------ RECORDED DATA ------

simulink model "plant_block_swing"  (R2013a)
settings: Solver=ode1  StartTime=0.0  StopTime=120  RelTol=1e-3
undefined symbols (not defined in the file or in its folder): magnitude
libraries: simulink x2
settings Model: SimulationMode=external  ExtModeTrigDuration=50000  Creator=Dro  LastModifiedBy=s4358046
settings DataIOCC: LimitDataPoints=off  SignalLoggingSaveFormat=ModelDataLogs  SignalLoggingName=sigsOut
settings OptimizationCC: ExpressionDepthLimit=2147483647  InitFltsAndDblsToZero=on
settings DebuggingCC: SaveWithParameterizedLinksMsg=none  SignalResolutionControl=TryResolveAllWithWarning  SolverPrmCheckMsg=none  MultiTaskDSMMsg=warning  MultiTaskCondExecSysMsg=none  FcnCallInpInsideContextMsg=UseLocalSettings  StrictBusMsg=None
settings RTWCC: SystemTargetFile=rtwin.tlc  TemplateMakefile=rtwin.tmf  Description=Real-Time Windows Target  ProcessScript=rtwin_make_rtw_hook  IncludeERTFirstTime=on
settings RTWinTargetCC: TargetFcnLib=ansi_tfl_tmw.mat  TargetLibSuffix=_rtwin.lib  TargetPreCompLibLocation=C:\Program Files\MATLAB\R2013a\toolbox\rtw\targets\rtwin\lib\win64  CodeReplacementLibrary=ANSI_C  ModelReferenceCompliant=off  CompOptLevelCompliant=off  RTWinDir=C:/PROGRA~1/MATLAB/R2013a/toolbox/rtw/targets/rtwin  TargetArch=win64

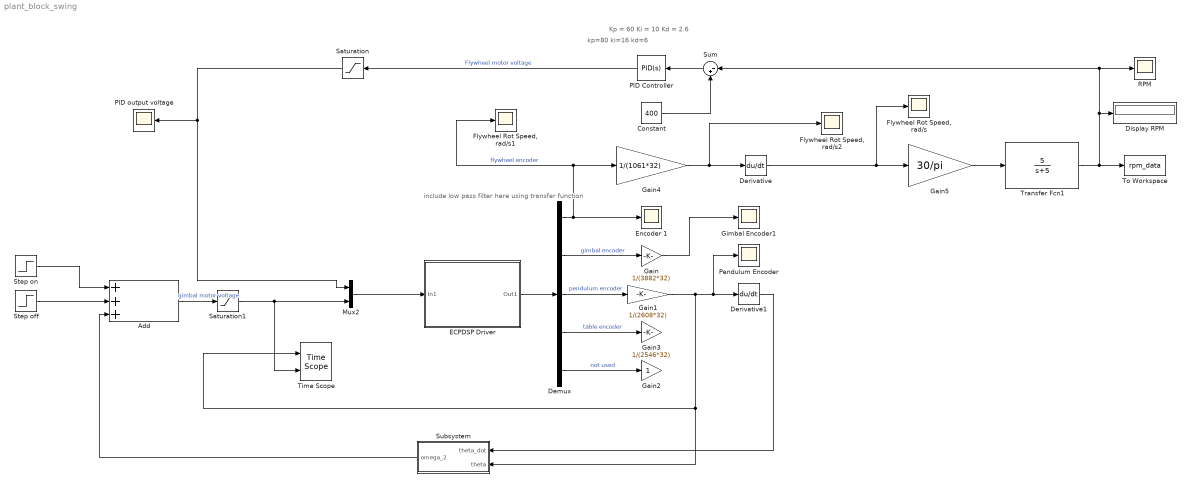
== system plant_block_swing ==
  note: Kp = 60
      | Ki = 10
      | Kd = 2.6
  note: include low pass filter here
      | using transfer function
  note: kp=80
      | ki=16
      | kd=6
  Add : Sum  Inputs=+++
  Constant : Constant  Value=400
  Demux : Demux  Outputs=5
  Derivative : Derivative
  Derivative1 : Derivative
  Display RPM : Display
  ECPDSP Driver : Subsystem  mask{BaseAddr='0xC000', STime=0.008, TimeOutPer=500, HWAccess=on}
      mask prompts: BaseAddr "Base I/O Address"; STime "Sample Time (Sec)"; TimeOutPer "Timeout Period (500 ~ 2000)"; HWAccess "Hardware Access"
      mask Display: color('black');disp('ECPDSP Driver\n upto\n 4 Encs(ADC Channels)\n and 2 Dacs')
  Encoder 1 : Scope
      settings: YMin=1.5e+06  YMax=8.5e+06  SaveName=ScopeData3
  "Flywheel Rot Speed, rad/s" : Scope
  "Flywheel Rot Speed, rad/s1" : Scope
      settings: SaveName=ScopeData2
  "Flywheel Rot Speed, rad/s2" : Scope
      settings: SaveName=ScopeData4
  Gain : Gain  Gain=1/(3882*32)
  Gain1 : Gain  Gain=1/(2608*32)
  Gain2 : Gain
  Gain3 : Gain  Gain=1/(2546*32)
  Gain4 : Gain  Gain=1/(1061*32)
  Gain5 : Gain  Gain=30/pi
  Gimbal Encoder1 : Scope
      settings: YMin=-0.25  YMax=3.25  SaveName=ScopeData9
  Mux2 : Mux  Inputs=2
  PID Controller : simulink/Continuous/PID Controller  Controller=PID  TimeDomain=Continuous-time  SampleTime=1  IntegratorMethod=Forward Euler  FilterMethod=Forward Euler  Form=Parallel  P=60  I=10  D=2.6  N=100  InitialConditionSource=internal  InitialConditionForIntegrator=0  InitialConditionForFilter=0  ExternalReset=none  LimitOutput=off  UpperSaturationLimit=inf  LowerSaturationLimit=-inf  LinearizeAsGain=on  AntiWindupMode=none  Kb=1  TrackingMode=off  Kt=1  PParamMin=[]  PParamMax=[]  IParamMin=[]  IParamMax=[]  DParamMin=[]  DParamMax=[]  NParamMin=[]  NParamMax=[]  KbParamMin=[]  KbParamMax=[]  KtParamMin=[]  KtParamMax=[]  POutMin=[]  POutMax=[]  IOutMin=[]  IOutMax=[]  DOutMin=[]  DOutMax=[]  NOutMin=[]  NOutMax=[]  KbOutMin=[]  KbOutMax=[]  KtOutMin=[]  KtOutMax=[]  IntegratorOutMin=[]  IntegratorOutMax=[]  FilterOutMin=[]  FilterOutMax=[]  SumOutMin=[]  SumOutMax=[]  SumI1OutMin=[]  SumI1OutMax=[]  SumI2OutMin=[]  SumI2OutMax=[]  SumI3OutMin=[]  SumI3OutMax=[]  SumDOutMin=[]  SumDOutMax=[]  SaturationOutMin=[]  SaturationOutMax=[]  IntegratorContinuousStateAttributes=''  IntegratorStateMustResolveToSignalObject=off  IntegratorRTWStateStorageClass=Auto  FilterContinuousStateAttributes=''  FilterStateMustResolveToSignalObject=off  FilterRTWStateStorageClass=Auto
  PID output voltage : Scope
      settings: YMin=400  YMax=421  SaveName=ScopeData6
  Pendulum Encoder : Scope
      settings: YMin=-0.25  YMax=3.25  SaveName=ScopeData5
  RPM : Scope
      settings: YMin=400  YMax=421
  Saturation : Saturate  UpperLimit=32000  LowerLimit=-32000
  Saturation1 : Saturate  UpperLimit=22000  LowerLimit=-22000
  Step off : Step  Time=30.15  After=-14000  SampleTime=0
  Step on : Step  Time=30  After=14000  SampleTime=0
  Subsystem : Subsystem
  Sum : Sum  Inputs=|-+
  Time Scope : TimeScope  NumInputPorts=2  DefaultConfigurationName=spbscopes.TimeScopeBlockCfg
      settings: CopyFcn=scopeextensions.ScopeBlock.callback(gcbh, 'onBlockCopy', gcbh);  DeleteFcn=scopeextensions.ScopeBlock.callback(gcbh, 'onBlockDelete');  PreSaveFcn=scopeextensions.ScopeBlock.callback(gcbh, 'onModelSave');  NameChangeFcn=scopeextensions.ScopeBlock.callback(gcbh, 'onBlockRename');  CloseFcn=scopeextensions.ScopeBlock.callback(gcbh, 'onBlockClose');  PreDeleteFcn=scopeextensions.ScopeBlock.callback(gcbh, 'onBlockPreDelete');
  To Workspace : ToWorkspace  VariableName=rpm_data  SampleTime=-1  SaveFormat=Timeseries
  Transfer Fcn1 : TransferFcn  Numerator=[5]  Denominator=[1 5]
  wires:
  ECPDSP Driver/1(Out1) -> Demux/1
  Demux/1 -> Encoder 1/1, Gain4/1, "Flywheel Rot Speed, rad/s1"/1  "flywheel encoder"
  PID Controller/1 -> Saturation/1  "Flywheel motor voltage"
  Demux/2 -> Gain/1  "gimbal encoder"
  Demux/3 -> Gain1/1  "pendulum encoder"
  Demux/4 -> Gain3/1  "table encoder"
  Demux/5 -> Gain2/1  "not used"
  Gain4/1 -> "Flywheel Rot Speed, rad/s2"/1, Derivative/1
  Constant/1 -> Sum/2
  Sum/1 -> PID Controller/1
  Saturation/1 -> PID output voltage/1, Mux2/1
  Derivative/1 -> Gain5/1, "Flywheel Rot Speed, rad/s"/1
  Gain5/1 -> Transfer Fcn1/1
  Step off/1 -> Add/2
  Step on/1 -> Add/1
  Add/1 -> Saturation1/1  "gimbal motor voltage"
  Derivative1/1 -> Subsystem/1(theta_dot)
  Subsystem/1(omega_2) -> Add/3
  Saturation1/1 -> Mux2/2, Time Scope/2
  Mux2/1 -> ECPDSP Driver/1(In1)
  Gain/1 -> Gimbal Encoder1/1
  Transfer Fcn1/1 -> To Workspace/1, Display RPM/1, RPM/1, Sum/1
  Gain1/1 -> Time Scope/1, Subsystem/2(theta), Pendulum Encoder/1, Derivative1/1

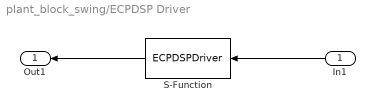
== system plant_block_swing/ECPDSP Driver ==
  In1 : Inport
  S-Function : S-Function  FunctionName=ECPDSPDriver  Parameters=BaseAddr,STime,TimeOutPer,HWAccess  EnableBusSupport=off
  Out1 : Outport
  wires:
  In1/1 -> S-Function/1
  S-Function/1 -> Out1/1

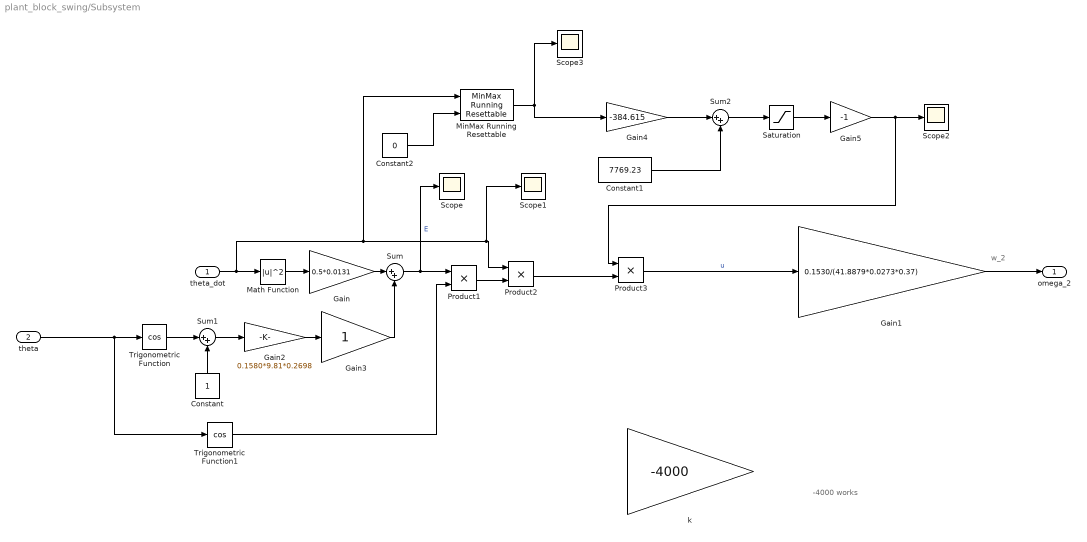
== system plant_block_swing/Subsystem ==
  note: -4000 works
  note: w_2
  theta_dot : Inport
  theta : Inport  Port=2
  Constant : Constant
  Constant1 : Constant  Value=7769.23
  Constant2 : Constant  Value=0
  Gain : Gain  Gain=0.5*0.0131
  Gain1 : Gain  Gain=0.1530/(41.8879*0.0273*0.37)
  Gain2 : Gain  Gain=0.1580*9.81*0.2698
  Gain3 : Gain
  Gain4 : Gain  Gain=-384.615
  Gain5 : Gain  Gain=-1
  Math Function : Math  Operator=magnitude^2  SaturateOnIntegerOverflow=on
  MinMax Running Resettable : simulink/Math Operations/MinMax Running Resettable  Function=max  vinit=0.0
  Product1 : Product
  Product2 : Product
  Product3 : Product
  Saturation : Saturate  UpperLimit=7000  LowerLimit=2000
  Scope{,1..3} (4 alike) : Scope
      Scope settings: SaveName=ScopeData7
      Scope1 settings: SaveName=ScopeData8
      Scope2 settings: SaveName=ScopeData10
      Scope3 settings: SaveName=ScopeData11
  Sum : Sum  Inputs=|++
  Sum1 : Sum  Inputs=|++
  Sum2 : Sum  Inputs=|++
  Trigonometric Function : Trigonometry  Operator=cos
  Trigonometric Function1 : Trigonometry  Operator=cos
  k : Gain  Gain=-4000
  omega_2 : Outport
  wires:
  theta_dot/1 -> MinMax Running Resettable/1, Scope1/1, Product2/1, Math Function/1
  Math Function/1 -> Gain/1
  Gain/1 -> Sum/1
  Product3/1 -> Gain1/1  "u"
  Gain1/1 -> omega_2/1
  Trigonometric Function/1 -> Sum1/1
  Constant/1 -> Sum1/2
  Sum1/1 -> Gain2/1
  Gain2/1 -> Gain3/1
  Sum/1 -> Product1/1, Scope/1  "E"
  Trigonometric Function1/1 -> Product1/2
  Product1/1 -> Product2/2
  Product2/1 -> Product3/2
  theta/1 -> Trigonometric Function1/1, Trigonometric Function/1
  Gain3/1 -> Sum/2
  MinMax Running Resettable/1 -> Gain4/1, Scope3/1
  Gain4/1 -> Sum2/1
  Constant1/1 -> Sum2/2
  Sum2/1 -> Saturation/1
  Saturation/1 -> Gain5/1
  Gain5/1 -> Product3/1, Scope2/1
  Constant2/1 -> MinMax Running Resettable/2

------

- _WHAT NEEDS TO BE DONE_:
Extract every line from the records above that contains the word "Running".

- _RESULT OF THE EXERCISE_:
  MinMax Running Resettable : simulink/Math Operations/MinMax Running Resettable  Function=max  vinit=0.0
  theta_dot/1 -> MinMax Running Resettable/1, Scope1/1, Product2/1, Math Function/1
  MinMax Running Resettable/1 -> Gain4/1, Scope3/1
  Constant2/1 -> MinMax Running Resettable/2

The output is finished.